Composition gatekeeping. Because Claim 1 is parameter-bound, a generic that uses a different acid or buffering strategy can reduce literal infringement exposure even if it shares octreotide acetate as the active.

Method-of-use exposure. The breast cancer and dopamine agonist co-administration claims create additional risk if the generic label or off-label prescribing behavior in the US corresponds to the claimed regimen using a product that practices Claim 1 composition parameters.

Practical litigation posture. For generics, the largest exposure typically comes from:

• product formulation equivalence that inadvertently matches all Claim 1 parameters
• proof of the “consisting of” compliance issues
• evidence that the commercial use is in breast cancer settings with dopamine agonist co-therapy (for Claim 6)

How does the scope differ across claims 1-4 versus claims 5-6?

Claims 1-4 are formulation-limited

• They focus on the physical composition, including excipients, pH, and quantitative ratios.
• These claims can be designed around by changing pH strategy, lactic acid strength, ratio, or excipient set.
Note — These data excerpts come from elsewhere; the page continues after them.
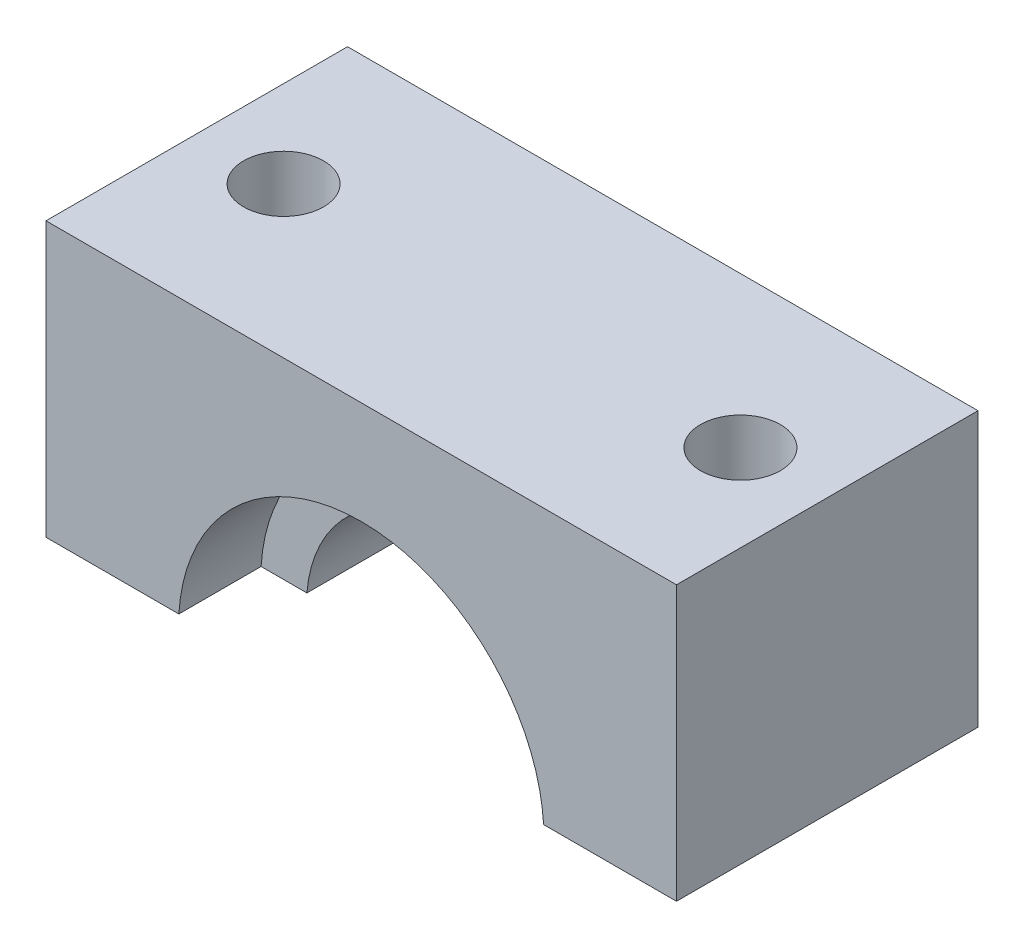
from build123d import *

# Parameters (mm, degrees)
ESTRUSIONE_ESTRUSIONE1_DEPTH = 3
ESTRUSIONE_ESTRUSIONE2_DEPTH = 6.6
SCHIZZO3_R                   = 1.75
TAGLIO_ESTRUSIONE1_DEPTH     = 20.442222095


with BuildPart() as part:
    # Schizzo1 → Estrusione-Estrusione1 (new, symmetric)
    with BuildSketch(Plane.XY):
        with BuildLine():
            Line((-13.8, 6), (13.8, 6))
            Line((13.8, 6), (13.8, -6))
            Line((13.8, -6), (5.979130372, -6))
            ThreePointArc((5.979130372, -6), (0, -0.5), (-5.979130372, -6))
            Line((-5.979130372, -6), (-13.8, -6))
            Line((-13.8, -6), (-13.8, 6))
        make_face()
    extrude(amount=ESTRUSIONE_ESTRUSIONE1_DEPTH, both=True)

    # Schizzo2 → Estrusione-Estrusione2 (add, symmetric)
    with BuildSketch(Plane.XY):
        with BuildLine():
            Line((13.8, 6), (-13.8, 6))
            Line((-13.8, 6), (-13.8, -6))
            Line((-13.8, -6), (-7.984359711, -6))
            ThreePointArc((-7.984359711, -6), (0, 1.5), (7.984359711, -6))
            Line((7.984359711, -6), (13.8, -6))
            Line((13.8, -6), (13.8, 6))
        make_face()
    extrude(amount=ESTRUSIONE_ESTRUSIONE2_DEPTH, both=True)

    # Schizzo3 → Taglio-Estrusione1 (cut, through all)
    with BuildSketch(Plane.XZ.offset(6)):
        with Locations((-10, 0)):
            Circle(SCHIZZO3_R)
        with Locations((10, 0)):
            Circle(SCHIZZO3_R)
    extrude(amount=-TAGLIO_ESTRUSIONE1_DEPTH, mode=Mode.SUBTRACT)


solid = part.part

Claims 5-6 are regimen-limited

• They require administration to treat breast cancer.
• Claim 6 adds the additional limitation of dopamine agonist co-administration.
• Even if a competitor practices the formulation, method-of-use infringement requires the use pattern consistent with the claim.

Patent claim chart (mapping the supplied claims into infringement elements)

Key Takeaways

• US 5,753,618 protects a tightly defined octreotide acetate parenteral liquid system: 88% lactic acid, specific ratio ranges, sodium hydrogen carbonate adjusted to pH 4 to 4.5, and mannitol in isotonic sterile water, within a “consisting of” framework.
• The formulation claims are narrow enough that design-around strategies using different lactic acid strength, pH/buffering system, tonicity agents, or ingredient sets can move an accused product outside literal scope.
• The breast cancer and dopamine agonist co-administration claims add regimen specificity, increasing the importance of real-world prescribing and label/indication alignment.
• The most credible infringement pathways are products that match all of Claim 1 parameters and use them for breast cancer treatment, with dopamine agonist co-therapy to trigger Claim 6.

FAQs

1) What pH range does US 5,753,618 require for octreotide acetate + lactic acid formulations?
Claim 1 requires pH 4.0 to 4.5; Claim 4 further fixes pH at 4.2.

2) Does the patent require 88% lactic acid specifically, or can other lactic acid strengths infringe?
Claim 1 specifies “88% lactic acid,” making lactic acid identity a key literal-scope variable.

3) What is the octreotide acetate-to-lactic acid ratio range in Claim 1?
Claim 1 covers 1 part octreotide acetate to 5 parts lactic acid up to 1 part octreotide acetate to 60 parts lactic acid.

4) What extra element does Claim 6 add beyond Claim 5?
Claim 6 requires co-administration with a dopamine agonist in the breast cancer treatment regimen.

5) How do Claims 2-4 narrow the formulation covered by Claim 1?
Claim 2 narrows ratio to 1:5 up to 1:40; Claim 3 sets octreotide 0.05-1 mg/mL and lactic acid 3 mg/mL; Claim 4 fixes pH at 4.2.

References

1. United States Patent 5,753,618. (Claim text provided in prompt).